BEGIN INFORMATION SHOWN
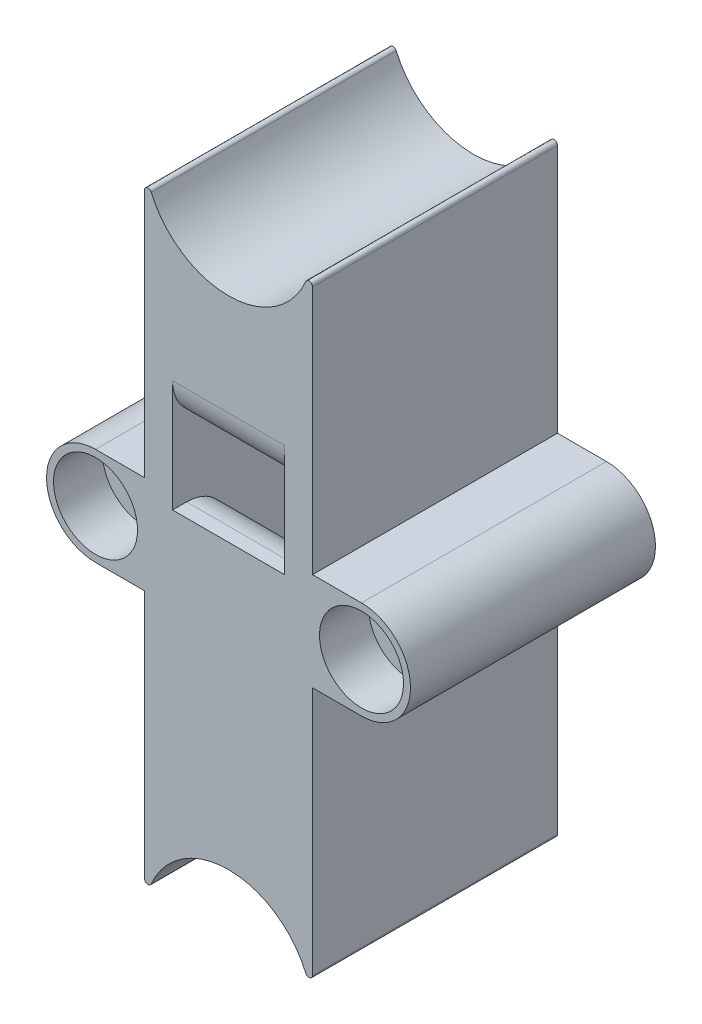
ISO-10303-21;
HEADER;
FILE_DESCRIPTION(('STEP AP214'),'2;1');
FILE_NAME('part.step','',(''),(''),'','','');
FILE_SCHEMA(('AUTOMOTIVE_DESIGN { 1 0 10303 214 1 1 1 1 }'));
ENDSEC;
DATA;
#1=APPLICATION_CONTEXT('core data for automotive mechanical design processes');
#2=APPLICATION_PROTOCOL_DEFINITION('international standard','automotive_design',2000,#1);
#3=PRODUCT_CONTEXT('',#1,'mechanical');
#4=PRODUCT('Part','Part','',(#3));
#5=PRODUCT_RELATED_PRODUCT_CATEGORY('part','',(#4));
#6=PRODUCT_DEFINITION_FORMATION('','',#4);
#7=PRODUCT_DEFINITION_CONTEXT('part definition',#1,'design');
#8=PRODUCT_DEFINITION('design','',#6,#7);
#9=PRODUCT_DEFINITION_SHAPE('','',#8);
#10=(LENGTH_UNIT() NAMED_UNIT(*) SI_UNIT(.MILLI.,.METRE.));
#11=(NAMED_UNIT(*) PLANE_ANGLE_UNIT() SI_UNIT($,.RADIAN.));
#12=(NAMED_UNIT(*) SI_UNIT($,.STERADIAN.) SOLID_ANGLE_UNIT());
#13=UNCERTAINTY_MEASURE_WITH_UNIT(LENGTH_MEASURE(1.E-05),#10,'distance_accuracy_value','');
#14=(GEOMETRIC_REPRESENTATION_CONTEXT(3) GLOBAL_UNCERTAINTY_ASSIGNED_CONTEXT((#13)) GLOBAL_UNIT_ASSIGNED_CONTEXT((#10,
#11,#12)) REPRESENTATION_CONTEXT('',''));
#15=CARTESIAN_POINT('',(0.,0.,0.));
#16=DIRECTION('',(0.,0.,1.));
#17=DIRECTION('',(1.,0.,0.));
#18=AXIS2_PLACEMENT_3D('',#15,#16,#17);
#19=CARTESIAN_POINT('',(-9.5,0.,17.5));
#20=DIRECTION('',(0.,0.,-1.));
#21=DIRECTION('',(-1.,0.,0.));
#22=AXIS2_PLACEMENT_3D('',#19,#20,#21);
#23=CYLINDRICAL_SURFACE('',#22,1.65);
#24=CARTESIAN_POINT('',(-9.5,0.,0.));
#25=DIRECTION('',(0.,0.,1.));
#26=DIRECTION('',(1.,0.,0.));
#27=AXIS2_PLACEMENT_3D('',#24,#25,#26);
#28=CIRCLE('',#27,1.65);
#29=CARTESIAN_POINT('',(-7.85,0.,0.));
#30=VERTEX_POINT('',#29);
#31=EDGE_CURVE('E317',#30,#30,#28,.T.);
#32=ORIENTED_EDGE('',*,*,#31,.F.);
#33=EDGE_LOOP('',(#32));
#34=FACE_BOUND('',#33,.T.);
#35=CARTESIAN_POINT('',(-9.5,0.,14.));
#36=DIRECTION('',(0.,0.,1.));
#37=DIRECTION('',(1.,0.,0.));
#38=AXIS2_PLACEMENT_3D('',#35,#36,#37);
#39=CIRCLE('',#38,1.65);
#40=CARTESIAN_POINT('',(-7.85,0.,14.));
#41=VERTEX_POINT('',#40);
#42=EDGE_CURVE('E45',#41,#41,#39,.T.);
#43=ORIENTED_EDGE('',*,*,#42,.T.);
#44=EDGE_LOOP('',(#43));
#45=FACE_BOUND('',#44,.T.);
#46=ADVANCED_FACE('F41',(#34,#45),#23,.F.);
#47=CARTESIAN_POINT('',(9.5,0.,17.5));
#48=DIRECTION('',(0.,0.,-1.));
#49=DIRECTION('',(-1.,0.,0.));
#50=AXIS2_PLACEMENT_3D('',#47,#48,#49);
#51=CYLINDRICAL_SURFACE('',#50,1.65);
#52=CARTESIAN_POINT('',(9.5,0.,0.));
#53=DIRECTION('',(0.,0.,1.));
#54=DIRECTION('',(1.,0.,0.));
#55=AXIS2_PLACEMENT_3D('',#52,#53,#54);
#56=CIRCLE('',#55,1.65);
#57=CARTESIAN_POINT('',(11.15,0.,0.));
#58=VERTEX_POINT('',#57);
#59=EDGE_CURVE('E265',#58,#58,#56,.T.);
#60=ORIENTED_EDGE('',*,*,#59,.F.);
#61=EDGE_LOOP('',(#60));
#62=FACE_BOUND('',#61,.T.);
#63=CARTESIAN_POINT('',(9.5,0.,14.));
#64=DIRECTION('',(0.,0.,1.));
#65=DIRECTION('',(1.,0.,0.));
#66=AXIS2_PLACEMENT_3D('',#63,#64,#65);
#67=CIRCLE('',#66,1.65);
#68=CARTESIAN_POINT('',(11.15,0.,14.));
#69=VERTEX_POINT('',#68);
#70=EDGE_CURVE('E228',#69,#69,#67,.T.);
#71=ORIENTED_EDGE('',*,*,#70,.T.);
#72=EDGE_LOOP('',(#71));
#73=FACE_BOUND('',#72,.T.);
#74=ADVANCED_FACE('F426',(#62,#73),#51,.F.);
#75=CARTESIAN_POINT('',(0.,3.5,17.5));
#76=DIRECTION('',(0.,-1.,0.));
#77=DIRECTION('',(1.,0.,0.));
#78=AXIS2_PLACEMENT_3D('',#75,#76,#77);
#79=PLANE('',#78);
#80=DIRECTION('',(-1.,0.,0.));
#81=VECTOR('',#80,1.);
#82=CARTESIAN_POINT('',(0.,3.5,0.));
#83=LINE('',#82,#81);
#84=CARTESIAN_POINT('',(-6.,3.5,0.));
#85=VERTEX_POINT('',#84);
#86=CARTESIAN_POINT('',(-9.5,3.5,0.));
#87=VERTEX_POINT('',#86);
#88=EDGE_CURVE('E253',#85,#87,#83,.T.);
#89=ORIENTED_EDGE('',*,*,#88,.T.);
#90=DIRECTION('',(0.,0.,-1.));
#91=VECTOR('',#90,1.);
#92=CARTESIAN_POINT('',(-9.5,3.5,17.5));
#93=LINE('',#92,#91);
#94=CARTESIAN_POINT('',(-9.5,3.5,17.5));
#95=VERTEX_POINT('',#94);
#96=EDGE_CURVE('E339',#95,#87,#93,.T.);
#97=ORIENTED_EDGE('',*,*,#96,.F.);
#98=DIRECTION('',(-1.,0.,0.));
#99=VECTOR('',#98,1.);
#100=CARTESIAN_POINT('',(0.,3.5,17.5));
#101=LINE('',#100,#99);
#102=CARTESIAN_POINT('',(-6.,3.5,17.5));
#103=VERTEX_POINT('',#102);
#104=EDGE_CURVE('E261',#103,#95,#101,.T.);
#105=ORIENTED_EDGE('',*,*,#104,.F.);
#106=DIRECTION('',(0.,0.,-1.));
#107=VECTOR('',#106,1.);
#108=CARTESIAN_POINT('',(-6.,3.5,17.5));
#109=LINE('',#108,#107);
#110=EDGE_CURVE('E322',#103,#85,#109,.T.);
#111=ORIENTED_EDGE('',*,*,#110,.T.);
#112=EDGE_LOOP('',(#89,#97,#105,#111));
#113=FACE_BOUND('',#112,.T.);
#114=ADVANCED_FACE('F432',(#113),#79,.F.);
#115=CARTESIAN_POINT('',(-9.5,0.,17.5));
#116=DIRECTION('',(0.,0.,-1.));
#117=DIRECTION('',(-1.,0.,0.));
#118=AXIS2_PLACEMENT_3D('',#115,#116,#117);
#119=CYLINDRICAL_SURFACE('',#118,3.5);
#120=CARTESIAN_POINT('',(-9.5,0.,0.));
#121=DIRECTION('',(0.,0.,1.));
#122=DIRECTION('',(1.,0.,0.));
#123=AXIS2_PLACEMENT_3D('',#120,#121,#122);
#124=CIRCLE('',#123,3.5);
#125=CARTESIAN_POINT('',(-9.5,-3.5,0.));
#126=VERTEX_POINT('',#125);
#127=EDGE_CURVE('E291',#87,#126,#124,.T.);
#128=ORIENTED_EDGE('',*,*,#127,.T.);
#129=DIRECTION('',(0.,0.,-1.));
#130=VECTOR('',#129,1.);
#131=CARTESIAN_POINT('',(-9.5,-3.5,17.5));
#132=LINE('',#131,#130);
#133=CARTESIAN_POINT('',(-9.5,-3.5,17.5));
#134=VERTEX_POINT('',#133);
#135=EDGE_CURVE('E337',#134,#126,#132,.T.);
#136=ORIENTED_EDGE('',*,*,#135,.F.);
#137=CARTESIAN_POINT('',(-9.5,0.,17.5));
#138=DIRECTION('',(0.,0.,1.));
#139=DIRECTION('',(1.,0.,0.));
#140=AXIS2_PLACEMENT_3D('',#137,#138,#139);
#141=CIRCLE('',#140,3.5);
#142=EDGE_CURVE('E264',#95,#134,#141,.T.);
#143=ORIENTED_EDGE('',*,*,#142,.F.);
#144=ORIENTED_EDGE('',*,*,#96,.T.);
#145=EDGE_LOOP('',(#128,#136,#143,#144));
#146=FACE_BOUND('',#145,.T.);
#147=ADVANCED_FACE('F473',(#146),#119,.T.);
#148=CARTESIAN_POINT('',(0.,-3.5,17.5));
#149=DIRECTION('',(0.,-1.,0.));
#150=DIRECTION('',(1.,0.,0.));
#151=AXIS2_PLACEMENT_3D('',#148,#149,#150);
#152=PLANE('',#151);
#153=DIRECTION('',(-1.,0.,0.));
#154=VECTOR('',#153,1.);
#155=CARTESIAN_POINT('',(0.,-3.5,0.));
#156=LINE('',#155,#154);
#157=CARTESIAN_POINT('',(-6.,-3.5,0.));
#158=VERTEX_POINT('',#157);
#159=EDGE_CURVE('E294',#158,#126,#156,.T.);
#160=ORIENTED_EDGE('',*,*,#159,.F.);
#161=DIRECTION('',(0.,0.,-1.));
#162=VECTOR('',#161,1.);
#163=CARTESIAN_POINT('',(-6.,-3.5,17.5));
#164=LINE('',#163,#162);
#165=CARTESIAN_POINT('',(-6.,-3.5,17.5));
#166=VERTEX_POINT('',#165);
#167=EDGE_CURVE('E334',#166,#158,#164,.T.);
#168=ORIENTED_EDGE('',*,*,#167,.F.);
#169=DIRECTION('',(-1.,0.,0.));
#170=VECTOR('',#169,1.);
#171=CARTESIAN_POINT('',(0.,-3.5,17.5));
#172=LINE('',#171,#170);
#173=EDGE_CURVE('E267',#166,#134,#172,.T.);
#174=ORIENTED_EDGE('',*,*,#173,.T.);
#175=ORIENTED_EDGE('',*,*,#135,.T.);
#176=EDGE_LOOP('',(#160,#168,#174,#175));
#177=FACE_BOUND('',#176,.T.);
#178=ADVANCED_FACE('F470',(#177),#152,.T.);
#179=CARTESIAN_POINT('',(-6.,0.,17.5));
#180=DIRECTION('',(-1.,0.,0.));
#181=DIRECTION('',(0.,0.,1.));
#182=AXIS2_PLACEMENT_3D('',#179,#180,#181);
#183=PLANE('',#182);
#184=DIRECTION('',(0.,1.,0.));
#185=VECTOR('',#184,1.);
#186=CARTESIAN_POINT('',(-6.,0.,0.));
#187=LINE('',#186,#185);
#188=CARTESIAN_POINT('',(-6.,-21.3005102572168,0.));
#189=VERTEX_POINT('',#188);
#190=EDGE_CURVE('E297',#189,#158,#187,.T.);
#191=ORIENTED_EDGE('',*,*,#190,.F.);
#192=DIRECTION('',(0.,0.,-1.));
#193=VECTOR('',#192,1.);
#194=CARTESIAN_POINT('',(-6.,-21.3005102572168,17.5));
#195=LINE('',#194,#193);
#196=CARTESIAN_POINT('',(-6.,-21.3005102572168,17.5));
#197=VERTEX_POINT('',#196);
#198=EDGE_CURVE('E355',#189,#197,#195,.F.);
#199=ORIENTED_EDGE('',*,*,#198,.T.);
#200=DIRECTION('',(0.,1.,0.));
#201=VECTOR('',#200,1.);
#202=CARTESIAN_POINT('',(-6.,0.,17.5));
#203=LINE('',#202,#201);
#204=EDGE_CURVE('E270',#197,#166,#203,.T.);
#205=ORIENTED_EDGE('',*,*,#204,.T.);
#206=ORIENTED_EDGE('',*,*,#167,.T.);
#207=EDGE_LOOP('',(#191,#199,#205,#206));
#208=FACE_BOUND('',#207,.T.);
#209=ADVANCED_FACE('F445',(#208),#183,.T.);
#210=CARTESIAN_POINT('',(0.,-23.75,17.5));
#211=DIRECTION('',(0.,0.,-1.));
#212=DIRECTION('',(-1.,0.,0.));
#213=AXIS2_PLACEMENT_3D('',#210,#211,#212);
#214=CYLINDRICAL_SURFACE('',#213,6.);
#215=CARTESIAN_POINT('',(0.,-23.75,17.5));
#216=DIRECTION('',(0.,0.,1.));
#217=DIRECTION('',(1.,0.,0.));
#218=AXIS2_PLACEMENT_3D('',#215,#216,#217);
#219=CIRCLE('',#218,6.);
#220=CARTESIAN_POINT('',(5.52,-21.3984898469282,17.5));
#221=VERTEX_POINT('',#220);
#222=CARTESIAN_POINT('',(-5.52,-21.3984898469282,17.5));
#223=VERTEX_POINT('',#222);
#224=EDGE_CURVE('E272',#221,#223,#219,.T.);
#225=ORIENTED_EDGE('',*,*,#224,.T.);
#226=DIRECTION('',(0.,0.,-1.));
#227=VECTOR('',#226,1.);
#228=CARTESIAN_POINT('',(-5.52,-21.3984898469282,17.5));
#229=LINE('',#228,#227);
#230=CARTESIAN_POINT('',(-5.52,-21.3984898469282,0.));
#231=VERTEX_POINT('',#230);
#232=EDGE_CURVE('E344',#223,#231,#229,.T.);
#233=ORIENTED_EDGE('',*,*,#232,.T.);
#234=CARTESIAN_POINT('',(0.,-23.75,0.));
#235=DIRECTION('',(0.,0.,1.));
#236=DIRECTION('',(1.,0.,0.));
#237=AXIS2_PLACEMENT_3D('',#234,#235,#236);
#238=CIRCLE('',#237,6.);
#239=CARTESIAN_POINT('',(5.52,-21.3984898469282,0.));
#240=VERTEX_POINT('',#239);
#241=EDGE_CURVE('E299',#240,#231,#238,.T.);
#242=ORIENTED_EDGE('',*,*,#241,.F.);
#243=DIRECTION('',(0.,0.,-1.));
#244=VECTOR('',#243,1.);
#245=CARTESIAN_POINT('',(5.52,-21.3984898469282,17.5));
#246=LINE('',#245,#244);
#247=EDGE_CURVE('E342',#240,#221,#246,.F.);
#248=ORIENTED_EDGE('',*,*,#247,.T.);
#249=EDGE_LOOP('',(#225,#233,#242,#248));
#250=FACE_BOUND('',#249,.T.);
#251=ADVANCED_FACE('F466',(#250),#214,.F.);
#252=CARTESIAN_POINT('',(6.,0.,17.5));
#253=DIRECTION('',(-1.,0.,0.));
#254=DIRECTION('',(0.,0.,1.));
#255=AXIS2_PLACEMENT_3D('',#252,#253,#254);
#256=PLANE('',#255);
#257=DIRECTION('',(0.,1.,0.));
#258=VECTOR('',#257,1.);
#259=CARTESIAN_POINT('',(6.,0.,17.5));
#260=LINE('',#259,#258);
#261=CARTESIAN_POINT('',(6.,-21.3005102572168,17.5));
#262=VERTEX_POINT('',#261);
#263=CARTESIAN_POINT('',(6.,-3.5,17.5));
#264=VERTEX_POINT('',#263);
#265=EDGE_CURVE('E276',#262,#264,#260,.T.);
#266=ORIENTED_EDGE('',*,*,#265,.F.);
#267=DIRECTION('',(0.,0.,1.));
#268=VECTOR('',#267,1.);
#269=CARTESIAN_POINT('',(6.,-21.3005102572168,0.));
#270=LINE('',#269,#268);
#271=CARTESIAN_POINT('',(6.,-21.3005102572168,0.));
#272=VERTEX_POINT('',#271);
#273=EDGE_CURVE('E365',#262,#272,#270,.F.);
#274=ORIENTED_EDGE('',*,*,#273,.T.);
#275=DIRECTION('',(0.,1.,0.));
#276=VECTOR('',#275,1.);
#277=CARTESIAN_POINT('',(6.,0.,0.));
#278=LINE('',#277,#276);
#279=CARTESIAN_POINT('',(6.,-3.5,0.));
#280=VERTEX_POINT('',#279);
#281=EDGE_CURVE('E303',#272,#280,#278,.T.);
#282=ORIENTED_EDGE('',*,*,#281,.T.);
#283=DIRECTION('',(0.,0.,-1.));
#284=VECTOR('',#283,1.);
#285=CARTESIAN_POINT('',(6.,-3.5,17.5));
#286=LINE('',#285,#284);
#287=EDGE_CURVE('E331',#264,#280,#286,.T.);
#288=ORIENTED_EDGE('',*,*,#287,.F.);
#289=EDGE_LOOP('',(#266,#274,#282,#288));
#290=FACE_BOUND('',#289,.T.);
#291=ADVANCED_FACE('F454',(#290),#256,.F.);
#292=CARTESIAN_POINT('',(0.,-3.5,17.5));
#293=DIRECTION('',(0.,1.,0.));
#294=DIRECTION('',(-1.,0.,0.));
#295=AXIS2_PLACEMENT_3D('',#292,#293,#294);
#296=PLANE('',#295);
#297=DIRECTION('',(1.,0.,0.));
#298=VECTOR('',#297,1.);
#299=CARTESIAN_POINT('',(0.,-3.5,0.));
#300=LINE('',#299,#298);
#301=CARTESIAN_POINT('',(9.5,-3.5,0.));
#302=VERTEX_POINT('',#301);
#303=EDGE_CURVE('E305',#280,#302,#300,.T.);
#304=ORIENTED_EDGE('',*,*,#303,.T.);
#305=DIRECTION('',(0.,0.,-1.));
#306=VECTOR('',#305,1.);
#307=CARTESIAN_POINT('',(9.5,-3.5,17.5));
#308=LINE('',#307,#306);
#309=CARTESIAN_POINT('',(9.5,-3.5,17.5));
#310=VERTEX_POINT('',#309);
#311=EDGE_CURVE('E328',#310,#302,#308,.T.);
#312=ORIENTED_EDGE('',*,*,#311,.F.);
#313=DIRECTION('',(1.,0.,0.));
#314=VECTOR('',#313,1.);
#315=CARTESIAN_POINT('',(0.,-3.5,17.5));
#316=LINE('',#315,#314);
#317=EDGE_CURVE('E278',#264,#310,#316,.T.);
#318=ORIENTED_EDGE('',*,*,#317,.F.);
#319=ORIENTED_EDGE('',*,*,#287,.T.);
#320=EDGE_LOOP('',(#304,#312,#318,#319));
#321=FACE_BOUND('',#320,.T.);
#322=ADVANCED_FACE('F461',(#321),#296,.F.);
#323=CARTESIAN_POINT('',(9.5,0.,17.5));
#324=DIRECTION('',(0.,0.,-1.));
#325=DIRECTION('',(-1.,0.,0.));
#326=AXIS2_PLACEMENT_3D('',#323,#324,#325);
#327=CYLINDRICAL_SURFACE('',#326,3.5);
#328=CARTESIAN_POINT('',(9.5,0.,0.));
#329=DIRECTION('',(0.,0.,1.));
#330=DIRECTION('',(1.,0.,0.));
#331=AXIS2_PLACEMENT_3D('',#328,#329,#330);
#332=CIRCLE('',#331,3.5);
#333=CARTESIAN_POINT('',(9.5,3.5,0.));
#334=VERTEX_POINT('',#333);
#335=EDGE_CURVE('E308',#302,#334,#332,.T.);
END INFORMATION SHOWN
◆ **WHAT IS REQUIRED**: All lines with the word "mechanical" are needed; pull them from the entries and copy each.

◆ **RESPONSE AREA**:
#1=APPLICATION_CONTEXT('core data for automotive mechanical design processes');
#3=PRODUCT_CONTEXT('',#1,'mechanical');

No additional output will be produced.